During the past decade there have been intense efforts not only to characterize novel germ cell specific proteins, such as TEX101, but also to elucidate their functions. Certain observations related to TEX101 role and its interactions with other molecules both in male and female reproductive tract still need to be confirmed and validated. For example, reliable and accurate translation of mouse data into humans should be made. Since TEX101 may emerge as a powerful male infertility biomarker, understanding its functional role will be essential.

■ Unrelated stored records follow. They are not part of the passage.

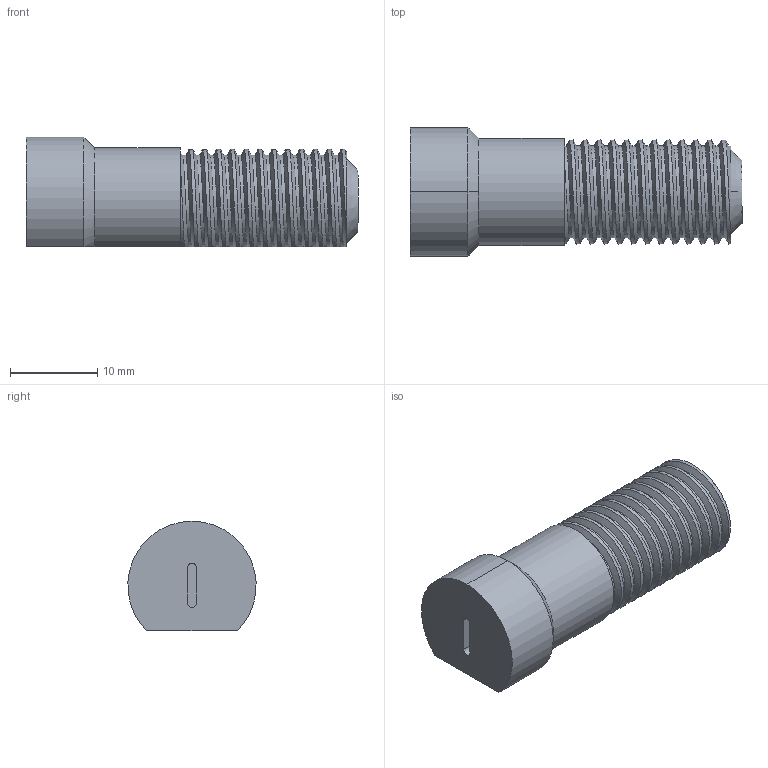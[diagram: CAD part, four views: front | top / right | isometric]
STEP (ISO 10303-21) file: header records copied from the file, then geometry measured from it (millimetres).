
FILE_DESCRIPTION (( 'STEP AP203' ), '1' );
FILE_NAME ('AF-WF-LR-PRT-005-STEP.STEP', '2020-07-21T18:17:18', ( '' ), ( '' ), 'SwSTEP 2.0', 'SolidWorks 2018', '' );
FILE_SCHEMA (( 'CONFIG_CONTROL_DESIGN' ));
Length unit declared in the file: inch
Products named in the file (1): AF-WF-LR-PRT-005-STEP
Bounding box: 38.1 x 14.71 x 12.57 mm (x, y, z)
Volume: 4253.2 mm3; surface area: 2039.9 mm2
Topology: 1 solids, 1 shells, 71 faces, 200 edges, 133 vertices
Faces by surface type: bspline 40, cylinder 19, plane 8, cone 4
Entity records: 23418 total; most frequent: CARTESIAN_POINT 21987, ORIENTED_EDGE 400, EDGE_CURVE 200, DIRECTION 147, VERTEX_POINT 133, EDGE_LOOP 73, FACE_OUTER_BOUND 71, ADVANCED_FACE 71
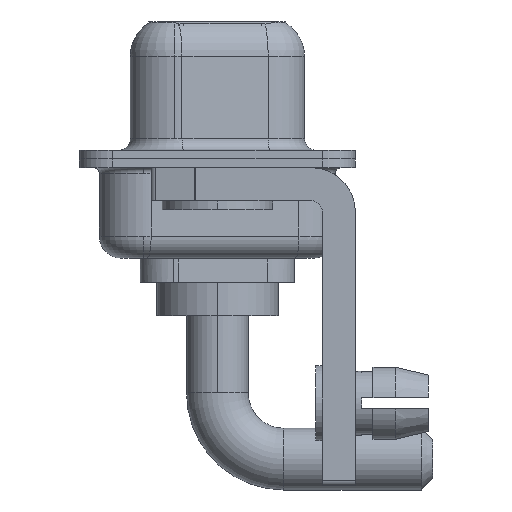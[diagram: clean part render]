
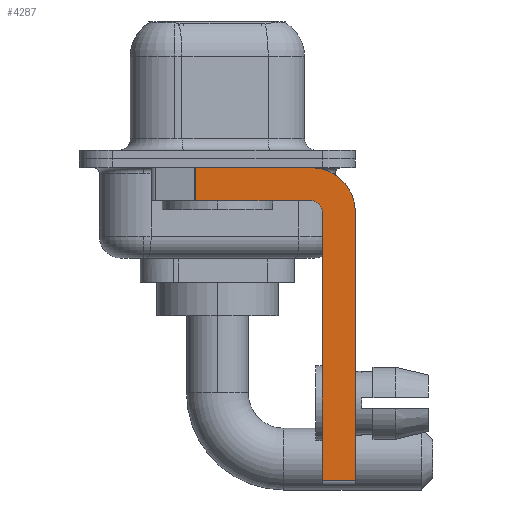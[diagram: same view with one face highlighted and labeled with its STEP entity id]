
A CAD part, left-side view. The second image highlights one B-rep face of the part: STEP entity #4287.
In plain terms, the highlighted planar face has unit normal (-1, 0, 0).
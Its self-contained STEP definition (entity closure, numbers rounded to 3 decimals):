
#157 = DIRECTION ( 'NONE',  ( -1., 0., 0. ) ) ;
#300 = DIRECTION ( 'NONE',  ( 0., -1., 0. ) ) ;
#726 = CARTESIAN_POINT ( 'NONE',  ( -2.9, 0.978, -1.9 ) ) ;
#1326 = ORIENTED_EDGE ( 'NONE', *, *, #11066, .F. ) ;
#1435 = EDGE_CURVE ( 'NONE', #13794, #10026, #7171, .T. ) ;
#1585 = EDGE_CURVE ( 'NONE', #13017, #10026, #4203, .T. ) ;
#1808 = DIRECTION ( 'NONE',  ( 1., 0., 0. ) ) ;
#1882 = EDGE_CURVE ( 'NONE', #11429, #8898, #6978, .T. ) ;
#1981 = CARTESIAN_POINT ( 'NONE',  ( -2.9, -4.75, -2.4 ) ) ;
#2211 = AXIS2_PLACEMENT_3D ( 'NONE', #14716, #1808, #3368 ) ;
#2222 = CIRCLE ( 'NONE', #2211, 2. ) ;
#2811 = DIRECTION ( 'NONE',  ( 0., 0., 1. ) ) ;
#2895 = CARTESIAN_POINT ( 'NONE',  ( -2.9, -4.25, -1.9 ) ) ;
#3368 = DIRECTION ( 'NONE',  ( 0., 0., -1. ) ) ;
#3976 = CARTESIAN_POINT ( 'NONE',  ( -2.9, -6.25, -2.4 ) ) ;
#4047 = DIRECTION ( 'NONE',  ( 0., 0., -1. ) ) ;
#4203 = LINE ( 'NONE', #12189, #13978 ) ;
#4283 = DIRECTION ( 'NONE',  ( 0., 0., -1. ) ) ;
#4287 = ADVANCED_FACE ( 'NONE', ( #6361 ), #8532, .F. ) ;
#4572 = CIRCLE ( 'NONE', #12906, 0.5 ) ;
#4833 = DIRECTION ( 'NONE',  ( 0., 1., 0. ) ) ;
#4939 = LINE ( 'NONE', #7006, #14163 ) ;
#4946 = ORIENTED_EDGE ( 'NONE', *, *, #11158, .F. ) ;
#4957 = ORIENTED_EDGE ( 'NONE', *, *, #8783, .F. ) ;
#4991 = ORIENTED_EDGE ( 'NONE', *, *, #1435, .F. ) ;
#5281 = AXIS2_PLACEMENT_3D ( 'NONE', #8834, #14218, #4283 ) ;
#5479 = EDGE_CURVE ( 'NONE', #8680, #8898, #11566, .T. ) ;
#6321 = EDGE_LOOP ( 'NONE', ( #4946, #8584, #10918, #7798, #4957, #13199, #4991, #1326 ) ) ;
#6361 = FACE_OUTER_BOUND ( 'NONE', #6321, .T. ) ;
#6978 = LINE ( 'NONE', #13871, #12560 ) ;
#7006 = CARTESIAN_POINT ( 'NONE',  ( -2.9, 3., -0.4 ) ) ;
#7130 = CARTESIAN_POINT ( 'NONE',  ( -2.9, 0.978, -1.9 ) ) ;
#7171 = LINE ( 'NONE', #3976, #7762 ) ;
#7762 = VECTOR ( 'NONE', #4047, 1000. ) ;
#7798 = ORIENTED_EDGE ( 'NONE', *, *, #8747, .F. ) ;
#8532 = PLANE ( 'NONE',  #5281 ) ;
#8584 = ORIENTED_EDGE ( 'NONE', *, *, #5479, .T. ) ;
#8680 = VERTEX_POINT ( 'NONE', #10447 ) ;
#8747 = EDGE_CURVE ( 'NONE', #11525, #11429, #4572, .T. ) ;
#8783 = EDGE_CURVE ( 'NONE', #13017, #11525, #10591, .T. ) ;
#8834 = CARTESIAN_POINT ( 'NONE',  ( -2.9, -4.25, -2.4 ) ) ;
#8898 = VERTEX_POINT ( 'NONE', #726 ) ;
#9259 = DIRECTION ( 'NONE',  ( 0., 0., 1. ) ) ;
#9473 = CARTESIAN_POINT ( 'NONE',  ( -2.9, -4.75, -14.8 ) ) ;
#9536 = VECTOR ( 'NONE', #2811, 1000. ) ;
#9962 = CARTESIAN_POINT ( 'NONE',  ( -2.9, -6.25, -2.4 ) ) ;
#10026 = VERTEX_POINT ( 'NONE', #11690 ) ;
#10447 = CARTESIAN_POINT ( 'NONE',  ( -2.9, 0.978, -0.4 ) ) ;
#10471 = VECTOR ( 'NONE', #10576, 1000. ) ;
#10576 = DIRECTION ( 'NONE',  ( 0., 0., -1. ) ) ;
#10591 = LINE ( 'NONE', #9473, #9536 ) ;
#10670 = CARTESIAN_POINT ( 'NONE',  ( -2.9, -4.25, -2.4 ) ) ;
#10918 = ORIENTED_EDGE ( 'NONE', *, *, #1882, .F. ) ;
#11066 = EDGE_CURVE ( 'NONE', #12362, #13794, #2222, .T. ) ;
#11158 = EDGE_CURVE ( 'NONE', #8680, #12362, #4939, .T. ) ;
#11425 = DIRECTION ( 'NONE',  ( 0., -1., 0. ) ) ;
#11429 = VERTEX_POINT ( 'NONE', #2895 ) ;
#11525 = VERTEX_POINT ( 'NONE', #1981 ) ;
#11566 = LINE ( 'NONE', #7130, #10471 ) ;
#11690 = CARTESIAN_POINT ( 'NONE',  ( -2.9, -6.25, -14.55 ) ) ;
#12189 = CARTESIAN_POINT ( 'NONE',  ( -2.9, -4.25, -14.55 ) ) ;
#12362 = VERTEX_POINT ( 'NONE', #14142 ) ;
#12560 = VECTOR ( 'NONE', #4833, 1000. ) ;
#12564 = CARTESIAN_POINT ( 'NONE',  ( -2.9, -4.75, -14.55 ) ) ;
#12906 = AXIS2_PLACEMENT_3D ( 'NONE', #10670, #157, #9259 ) ;
#13017 = VERTEX_POINT ( 'NONE', #12564 ) ;
#13199 = ORIENTED_EDGE ( 'NONE', *, *, #1585, .T. ) ;
#13794 = VERTEX_POINT ( 'NONE', #9962 ) ;
#13871 = CARTESIAN_POINT ( 'NONE',  ( -2.9, -4.25, -1.9 ) ) ;
#13978 = VECTOR ( 'NONE', #11425, 1000. ) ;
#14142 = CARTESIAN_POINT ( 'NONE',  ( -2.9, -4.25, -0.4 ) ) ;
#14163 = VECTOR ( 'NONE', #300, 1000. ) ;
#14218 = DIRECTION ( 'NONE',  ( 1., 0., 0. ) ) ;
#14716 = CARTESIAN_POINT ( 'NONE',  ( -2.9, -4.25, -2.4 ) ) ;

Accumulating evidence based on animal models indicates that TEX101 interacts with various molecules during post-testicular maturation of spermatozoa, and interaction with oocytes. Some members of the ADAM family, ACE, and the components of uPA system are potential interacting partners of TEX101, but there is still much research to be done for shedding light in all these processes, and their contribution in fertilization. Since testicular and epididymal ADAMS play a crucial role in fertilization (71), further studies on their interaction with TEX101 should provide information about relevant molecular mechanisms. Phylogenetic analysis of ADAM proteins shows their crucial roles in reproductive biology (72). Identification of the human ADAM orthologs would be the next step in this field of research. The interaction of TEX101 with the uPA/uPAR complex is a completely independent field of research that needs further investigation. It seems that TEX101 and the uPA system components are not only co-expressed by sperm cells, but also co-exist in the oviduct and are present during sperm-cumulus and sperm-ZP interaction. It has been reviewed (73) that uPA system components are secreted by Sertoli cells, and are involved in tissue remodeling during the last stages of spermatogenesis, facilitating the passage and release of spermatozoa from the Sertoli cell microenvironment within the seminiferous tubules. Different components of the uPA system are also present on the oocyte, cumulus cells, spermatozoa, and in the oviductal fluid where all the aforementioned meet and interact. Recently, Mondejar et al. (74), reviewed the regulation of fertilization by the uPA system components. They report that plasminogen/plasmin system is involved in sperm motility and AR, and its dysfunction leads to infertility in humans. It is also activated upon gamete interaction and it seems to regulate initially, the degradation and penetration of cumulus layer and ZP, through its localized proteolytic activity, and subsequently, the sperm entry in the oocyte, preventing polyspermy. If TEX101 indeed interacts with uPA, this would lead us to the conclusion that TEX101 is implicated in all the processes mentioned, and could mediate their regulation.

Bioinformatic analysis could be an alternative pathway to study TEX101 function and regulation. Apart from the proteomic level, modulation of TEX101 expression and regulation could be studied at the genomic, epigenetic, or transcriptomic level, using publically available databases of gene expression, such as COSMIC. This approach could lead to the identification of Single Nucleotide Variants (SNVs) that affect the expression and activity of TEX101. Additionally, the existence of testicular tissue-specific transcription factors (TF), or microRNAs would be of great importance in the regulation of TEX101 expression at the genomic and transcriptomic levels, respectively. All this information could eventually be useful in developing approaches for male infertility treatments, and development of male contraceptives.